Data extracted from a collection:
━━━━━━━━━━━━━━━━━━━━━━━━━━━━━━

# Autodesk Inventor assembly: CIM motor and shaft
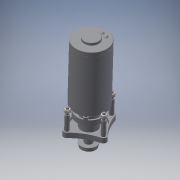
[picture p0: Inventor's stored thumbnail of the model, 180x180]
Saved by Autodesk Inventor 2019 (Build 230136000, 136)
## iProperties
Created: 2019-02-18
Part Number: CIM motor and shaft
Document SubType Name: Assembly
Designer: josh
Mass: 436.451 g
Surface Area: 763.411 cm^2
Volume: 434.057 cm^3
Density: 1.00551 g/cm^3
Author: josh
## Documents named in this file (3)
- D:\Synthesis Robots\Epsilon\Functioning swerve drive sub-assemblies\CIM motor and shaft.iam
- D:\Synthesis Robots\Epsilon\Functioning swerve drive sub-assemblies\Functioning swerve drive (CIM motor shaft).iam
- D:\Synthesis Robots\Epsilon\Functioning swerve drive sub-assemblies\Functioning swerve drive (motor).iam
## Components (2 placed, 2 different names)
1. Functioning swerve drive (CIM motor shaft):1 [sub-assembly] — Mate:1, Mate:2
2. Functioning swerve drive (motor):1 [sub-assembly] — Mate:1, Mate:2
## Relationships (2: Mate 2)
- Mate:1: Functioning swerve drive (CIM motor shaft):1 ↔ Functioning swerve drive (motor):1
- Mate:2 (4.7752 mm): Functioning swerve drive (CIM motor shaft):1 ↔ Functioning swerve drive (motor):1
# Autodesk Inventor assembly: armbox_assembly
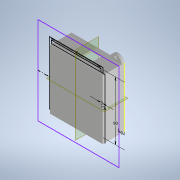
[picture p0: Inventor's stored thumbnail of the model, 180x180]
Saved by Autodesk Inventor 2021 (Build 250183000, 183)
## iProperties
Created: 2021-12-14
Part Number: armbox_assembly
Document SubType Name: Assembly
Designer: marcin
Author: marcin
## Documents named in this file (2)
- C:\Users\marcin\Desktop\Motion_capture\MAIN\Models_3D\Arm_box\armbox_assembly.iam
- C:\Users\marcin\Desktop\Motion_capture\MAIN\Models_3D\Arm_box\arm_box.ipt
## Components (1 placed, 1 different names)
1. arm_box:1 — Mate:1, Mate:2, Mate:3
## Relationships (3: Mate 3)
- Mate:1: arm_box:1
- Mate:2: arm_box:1
- Mate:3: arm_box:1
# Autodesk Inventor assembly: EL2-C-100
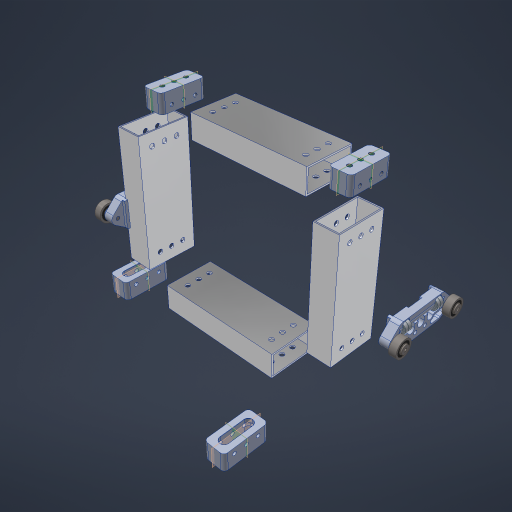
[picture p0: Inventor's stored thumbnail of the model, 512x512]
Saved by Autodesk Inventor 2023.4 (Build 274418000, 418)
## iProperties
Created: 2025-01-11
Part Number: EL2-C-100
Document SubType Name: Assembly
Designer: brand
Author: brand
## Documents named in this file (4)
- C:\Users\brand\OneDrive\Documents\GitHub\robotics 23\2025-ReefScape---CAD\Elevator\EL2\EL2-C-100.iam
- C:\Users\brand\OneDrive\Documents\GitHub\robotics 23\2025-ReefScape---CAD\Elevator\EL2\EL2-C-001.ipt
- C:\Users\brand\OneDrive\Documents\GitHub\robotics 23\2025-ReefScape---CAD\COMMON PARTS\WCP Elevator parts\WCP-0897\WCP-0897.iam
- C:\Users\brand\OneDrive\Documents\GitHub\robotics 23\2025-ReefScape---CAD\Elevator\EL2\EL2-005.ipt
## Components (10 placed, 3 different names)
1. EL2-C-001:1
2. EL2-C-001:2 — Mate:1, Mate:2
3. EL2-C-001:3
4. EL2-C-001:4
5. WCP-0897:1 [sub-assembly]
6. WCP-0897:2 [sub-assembly] — Mate:1, Mate:2
7. EL2-005:1
8. EL2-005:2
9. EL2-005:3
10. EL2-005:4
## Relationships (2: Mate 2)
- Mate:1: EL2-C-001:2 ↔ WCP-0897:2
- Mate:2: EL2-C-001:2 ↔ WCP-0897:2
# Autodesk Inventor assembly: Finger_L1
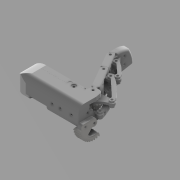
[picture p0: Inventor's stored thumbnail of the model, 180x180]
Saved by Autodesk Inventor 2016 (Build 200138000, 138)
## iProperties
Created: 2015-01-03
Part Number: Finger_L1
Document SubType Name: Assembly
Designer: 4ndreas
Mass: 91.442 g
Surface Area: 453.419 cm^2
Volume: 76.2212 cm^3
Density: 1.19969 g/cm^3
Author: 4ndreas
## Documents named in this file (16)
- C:\Users\4ndreas\Documents\Inventor\RobotARM v2\Gripper V1\Finger_L1.iam
- C:\Users\4ndreas\Documents\Inventor\RobotARM v2\Gripper V1\schnecke1.ipt
- C:\Users\4ndreas\Documents\Inventor\RobotARM v2\Gripper V1\DC-Motor_12V_60U-min1.ipt
- C:\Users\4ndreas\Documents\Inventor\RobotARM v2\Gripper V1\FingerPartA1.ipt
- C:\Users\4ndreas\Documents\Inventor\RobotARM v2\Gripper V1\FingerPartB1.ipt
- C:\Users\4ndreas\Documents\Inventor\RobotARM v2\Gripper V1\FingerTipp1.ipt
- C:\Users\4ndreas\Documents\Inventor\RobotARM v2\Gripper V1\Hebel_Basis1.ipt
- C:\Users\4ndreas\Documents\Inventor\RobotARM v2\Gripper V1\Hebel_Basis 21.ipt
- C:\Users\4ndreas\Documents\Inventor\RobotARM v2\Gripper V1\rotMount1.ipt
- C:\Users\4ndreas\Documents\Inventor\RobotARM v2\Gripper V1\kippGear.ipt
- C:\Users\4ndreas\Documents\Inventor\RobotARM v2\Gripper V1\deckel.ipt
- C:\Users\4ndreas\Documents\Inventor\RobotARM v2\Gripper V1\FingerTip_joint _v2_MIR.ipt
- C:\Users\4ndreas\Documents\Inventor\RobotARM v2\Gripper V1\3_hebenMount_2_dual1.ipt
- C:\Users\4ndreas\Documents\Inventor\RobotARM v2\Gripper V1\FingerTip_Mount dual1.ipt
- C:\Users\4ndreas\Documents\Inventor\RobotARM v2\Gripper V1\Hebel_B dual.ipt
- C:\Users\4ndreas\Documents\Inventor\RobotARM v2\Gripper V1\Hebel_dual.ipt
## Components (17 placed, 15 different names)
1. schnecke1:1 — Passend:4, Passend:19, Passend:21
2. DC-Motor_12V_60U-min1:1 — Passend:1, Winkel:2, Passend:21, Passend:22
3. FingerPartA1:1 — Fluchtend:1, Passend:9, Passend:8, Passend:14, Passend:17, Passend:15, Passend:19
4. FingerPartB1:1 — Fluchtend:1, Passend:9, Passend:8, Passend:11, Passend:10, Passend:25, Passend:27, Passend:28, Passend:29, Passend:30
5. FingerTipp1:1 — Passend:11, Passend:10, Fluchtend:3, Passend:26, Passend:31, Passend:36
6. Hebel_Basis1:1 — Passend:14, Passend:16, Passend:39
7. Hebel_Basis 21:1 — Passend:17, Passend:16, Passend:15, Passend:18, Passend:13, Passend:40
8. rotMount1:1 — Passend:19, Passend:18, Winkel:1, Passend:14, Passend:17, Passend:18, Passend:20, Winkel:2, Passend:22, Passend:23, Passend:24, Fluchtend:4
9. kippGear:1 — Passend:15, Passend:17, Passend:18
10. deckel:1 — Passend:23, Passend:24, Fluchtend:4
11. FingerTip_joint _v2_MIR:1 — Passend:25, Passend:26, Passend:32, Passend:35
12. 3_hebenMount_2_dual1:1 — Passend:28, Passend:29, Passend:34, Passend:37, Passend:41
13. FingerTip_Mount dual1:1 — Passend:27, Passend:30, Passend:33, Passend:38, Passend:42
14. Hebel_B dual:1 — Passend:31, Passend:33, Passend:36
15. Hebel_B dual:2 — Passend:32, Passend:34, Passend:35
16. Hebel_dual:1 — Passend:38, Passend:39, Passend:42
17. Hebel_dual:2 — Passend:37, Passend:40, Passend:41
## Relationships (48: Mate 42, Flush 4, Angle 2)
- Passend:4 [Mate]: schnecke1:1
- Passend:1 [Mate]: DC-Motor_12V_60U-min1:1
- Fluchtend:1 [Flush]: FingerPartA1:1 ↔ FingerPartB1:1
- Passend:9 [Mate]: FingerPartA1:1 ↔ FingerPartB1:1
- Passend:8 [Mate]: FingerPartA1:1 ↔ FingerPartB1:1
- Passend:11 [Mate]: FingerPartB1:1 ↔ FingerTipp1:1
- Passend:10 [Mate]: FingerPartB1:1 ↔ FingerTipp1:1
- Passend:14 [Mate]: FingerPartA1:1 ↔ Hebel_Basis1:1
- Passend:17 [Mate]: FingerPartA1:1 ↔ Hebel_Basis 21:1
- Passend:16 [Mate]: Hebel_Basis1:1 ↔ Hebel_Basis 21:1
- Passend:15 [Mate]: FingerPartA1:1 ↔ Hebel_Basis 21:1
- Passend:19 [Mate]: FingerPartA1:1 ↔ rotMount1:1
- Passend:18 [Mate]: Hebel_Basis 21:1 ↔ rotMount1:1
- Passend:13 [Mate]: Hebel_Basis 21:1
- Winkel:1 [Angle] (90 deg): rotMount1:1
- Fluchtend:2 [Flush] (36.5 mm)
- Fluchtend:3 [Flush]: FingerTipp1:1
- Passend:14 [Mate]: rotMount1:1
- Passend:15 [Mate]: kippGear:1
- Passend:16 [Mate]
- Passend:17 [Mate]: rotMount1:1 ↔ kippGear:1
- Passend:18 [Mate]: rotMount1:1 ↔ kippGear:1
- Passend:19 [Mate]: schnecke1:1
- Passend:20 [Mate]: rotMount1:1
- Winkel:2 [Angle] (0 deg): DC-Motor_12V_60U-min1:1 ↔ rotMount1:1
- Passend:21 [Mate] (2 mm): schnecke1:1 ↔ DC-Motor_12V_60U-min1:1
- Passend:22 [Mate]: DC-Motor_12V_60U-min1:1 ↔ rotMount1:1
- Passend:23 [Mate]: rotMount1:1 ↔ deckel:1
- Passend:24 [Mate]: rotMount1:1 ↔ deckel:1
- Fluchtend:4 [Flush]: rotMount1:1 ↔ deckel:1
- Passend:25 [Mate]: FingerPartB1:1 ↔ FingerTip_joint _v2_MIR:1
- Passend:26 [Mate]: FingerTipp1:1 ↔ FingerTip_joint _v2_MIR:1
- Passend:27 [Mate]: FingerPartB1:1 ↔ FingerTip_Mount dual1:1
- Passend:28 [Mate]: FingerPartB1:1 ↔ 3_hebenMount_2_dual1:1
- Passend:29 [Mate]: FingerPartB1:1 ↔ 3_hebenMount_2_dual1:1
- Passend:30 [Mate]: FingerPartB1:1 ↔ FingerTip_Mount dual1:1
- Passend:31 [Mate]: FingerTipp1:1 ↔ Hebel_B dual:1
- Passend:32 [Mate]: FingerTip_joint _v2_MIR:1 ↔ Hebel_B dual:2
- Passend:33 [Mate]: FingerTip_Mount dual1:1 ↔ Hebel_B dual:1
- Passend:34 [Mate]: 3_hebenMount_2_dual1:1 ↔ Hebel_B dual:2
- Passend:35 [Mate]: FingerTip_joint _v2_MIR:1 ↔ Hebel_B dual:2
- Passend:36 [Mate]: FingerTipp1:1 ↔ Hebel_B dual:1
- Passend:37 [Mate]: 3_hebenMount_2_dual1:1 ↔ Hebel_dual:2
- Passend:38 [Mate]: FingerTip_Mount dual1:1 ↔ Hebel_dual:1
- Passend:39 [Mate]: Hebel_Basis1:1 ↔ Hebel_dual:1
- Passend:40 [Mate]: Hebel_Basis 21:1 ↔ Hebel_dual:2
- Passend:41 [Mate]: 3_hebenMount_2_dual1:1 ↔ Hebel_dual:2
- Passend:42 [Mate]: FingerTip_Mount dual1:1 ↔ Hebel_dual:1

━━━━━━━━━━━━━━━━━━━━━━━━━━━━━━

- **What to work on**:
What is needed is an exact copy of the lines above, from the one containing "- Passend:14 [Mate]: FingerPartA1:1" through the one containing "- Passend:40 [Mate]: Hebel_Basis", with nothing added.

- **Solution to the exercise**:
- Passend:14 [Mate]: FingerPartA1:1 ↔ Hebel_Basis1:1
- Passend:17 [Mate]: FingerPartA1:1 ↔ Hebel_Basis 21:1
- Passend:16 [Mate]: Hebel_Basis1:1 ↔ Hebel_Basis 21:1
- Passend:15 [Mate]: FingerPartA1:1 ↔ Hebel_Basis 21:1
- Passend:19 [Mate]: FingerPartA1:1 ↔ rotMount1:1
- Passend:18 [Mate]: Hebel_Basis 21:1 ↔ rotMount1:1
- Passend:13 [Mate]: Hebel_Basis 21:1
- Winkel:1 [Angle] (90 deg): rotMount1:1
- Fluchtend:2 [Flush] (36.5 mm)
- Fluchtend:3 [Flush]: FingerTipp1:1
- Passend:14 [Mate]: rotMount1:1
- Passend:15 [Mate]: kippGear:1
- Passend:16 [Mate]
- Passend:17 [Mate]: rotMount1:1 ↔ kippGear:1
- Passend:18 [Mate]: rotMount1:1 ↔ kippGear:1
- Passend:19 [Mate]: schnecke1:1
- Passend:20 [Mate]: rotMount1:1
- Winkel:2 [Angle] (0 deg): DC-Motor_12V_60U-min1:1 ↔ rotMount1:1
- Passend:21 [Mate] (2 mm): schnecke1:1 ↔ DC-Motor_12V_60U-min1:1
- Passend:22 [Mate]: DC-Motor_12V_60U-min1:1 ↔ rotMount1:1
- Passend:23 [Mate]: rotMount1:1 ↔ deckel:1
- Passend:24 [Mate]: rotMount1:1 ↔ deckel:1
- Fluchtend:4 [Flush]: rotMount1:1 ↔ deckel:1
- Passend:25 [Mate]: FingerPartB1:1 ↔ FingerTip_joint _v2_MIR:1
- Passend:26 [Mate]: FingerTipp1:1 ↔ FingerTip_joint _v2_MIR:1
- Passend:27 [Mate]: FingerPartB1:1 ↔ FingerTip_Mount dual1:1
- Passend:28 [Mate]: FingerPartB1:1 ↔ 3_hebenMount_2_dual1:1
- Passend:29 [Mate]: FingerPartB1:1 ↔ 3_hebenMount_2_dual1:1
- Passend:30 [Mate]: FingerPartB1:1 ↔ FingerTip_Mount dual1:1
- Passend:31 [Mate]: FingerTipp1:1 ↔ Hebel_B dual:1
- Passend:32 [Mate]: FingerTip_joint _v2_MIR:1 ↔ Hebel_B dual:2
- Passend:33 [Mate]: FingerTip_Mount dual1:1 ↔ Hebel_B dual:1
- Passend:34 [Mate]: 3_hebenMount_2_dual1:1 ↔ Hebel_B dual:2
- Passend:35 [Mate]: FingerTip_joint _v2_MIR:1 ↔ Hebel_B dual:2
- Passend:36 [Mate]: FingerTipp1:1 ↔ Hebel_B dual:1
- Passend:37 [Mate]: 3_hebenMount_2_dual1:1 ↔ Hebel_dual:2
- Passend:38 [Mate]: FingerTip_Mount dual1:1 ↔ Hebel_dual:1
- Passend:39 [Mate]: Hebel_Basis1:1 ↔ Hebel_dual:1
- Passend:40 [Mate]: Hebel_Basis 21:1 ↔ Hebel_dual:2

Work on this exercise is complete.